Step 2: Determine the limits of integration by defining the boundaries for x and y.
\[ \int_{3}^{6} \int_{\frac{y+3}{3}}^{y} (9+2 y^{2})^{-1} dx \, dy. \]
Step 4: Integrate with respect to x first. Treat \(9+2 y^{2}\) as a constant while integrating:
\[ \int_{\frac{y+3}{3}}^{y} (9+2 y^{2})^{-1} dx \, dy = (9+2 y^{2})^{-1} [x]_{\frac{y+3}{3}}^{y}. \]
This yields:
\[ (9+2 y^{2})^{-1} \left( \frac{2y-3}{3} \right). \]
Step 5: Substitute back into the outer integral and integrate with respect to y:
\[ \int_{3}^{6} (9+2 y^{2})^{-1} \frac{2y-3}{3} dy. \]
The completion of this integral will provide the final evaluated result. This may require additional techniques like substitution or partial fractions.
Step 1: Identify and sketch the region of integration. Plot the points and connect them to visualize the region.
Step 2: Determine the limits of integration by defining the boundaries for x and y.
- Here, the vertical (y) bounds are from 3 to 6.
- The horizontal (x) bounds depend on y, varying from \(\frac{y+3}{3}\) to y.

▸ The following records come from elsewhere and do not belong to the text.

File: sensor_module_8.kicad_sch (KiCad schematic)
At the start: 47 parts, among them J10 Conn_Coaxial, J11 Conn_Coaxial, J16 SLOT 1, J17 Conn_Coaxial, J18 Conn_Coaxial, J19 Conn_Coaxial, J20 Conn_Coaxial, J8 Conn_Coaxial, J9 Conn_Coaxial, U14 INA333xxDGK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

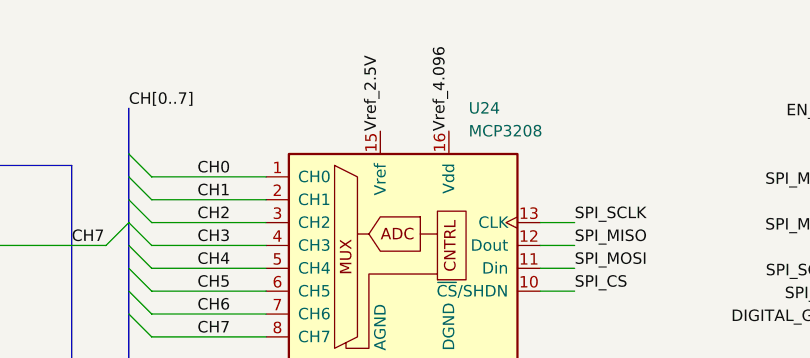
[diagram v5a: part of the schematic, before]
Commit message: Updated the ORP and pH probes with a more appropriate amp. Added some notes. Added a tentative PL-100 adapter circuit. Added Vref buffering. Started move towards ESP32 ADC converter for base sensors.
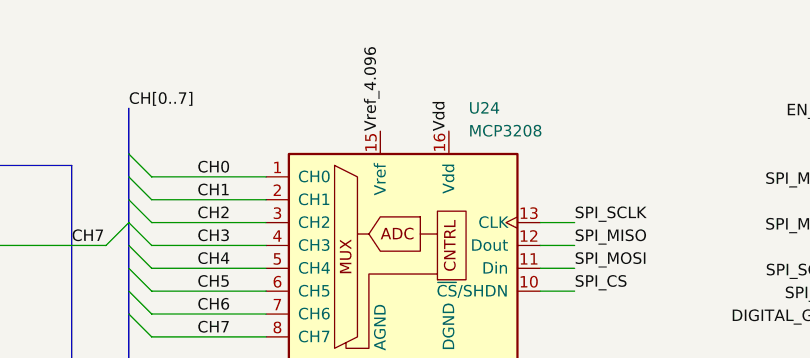
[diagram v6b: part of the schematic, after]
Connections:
- net Vref_2.5V is gone; now on net Vref_4.096: U24.15 (Vref)
- net Vdd: now also U24.16 (Vdd)
- net Vref_4.096: no longer U24.16 (Vdd)
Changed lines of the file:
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@@
+		)
+	)
+	(label "Vdd"
+		(at 208.28 24.13 90)
+		(effects
+			(font
+				(size 1.27 1.27)
+			)
+			(justify left bottom)
 		)
 	)
@@
 	)
 	(label "Vref_4.096"
-		(at 208.28 24.13 90)
+		(at 200.66 24.13 90)
 		(effects
 			(font
@@
 		(effects
 			(font
-				(size 1.27 1.27)
-			)
-			(justify left bottom)
-		)
-	)
-	(label "Vref_2.5V"
-		(at 200.66 24.13 90)
-		(effects
-			(font

\[ \int_{3}^{6} \int_{\frac{y+3}{3}}^{y} (9+2 y^{2})^{-1} dx \, dy. \]
Step 4: Integrate with respect to x first. Treat \(9+2 y^{2}\) as a constant while integrating:
\[ \int_{\frac{y+3}{3}}^{y} (9+2 y^{2})^{-1} dx \, dy = (9+2 y^{2})^{-1} [x]_{\frac{y+3}{3}}^{y}. \]
This yields:
\[ (9+2 y^{2})^{-1} \left( \frac{2y-3}{3} \right). \]
Step 5: Substitute back into the outer integral and integrate with respect to y:
\[ \int_{3}^{6} (9+2 y^{2})^{-1} \frac{2y-3}{3} dy. \]
The completion of this integral will provide the final evaluated result. This may require additional techniques like substitution or partial fractions.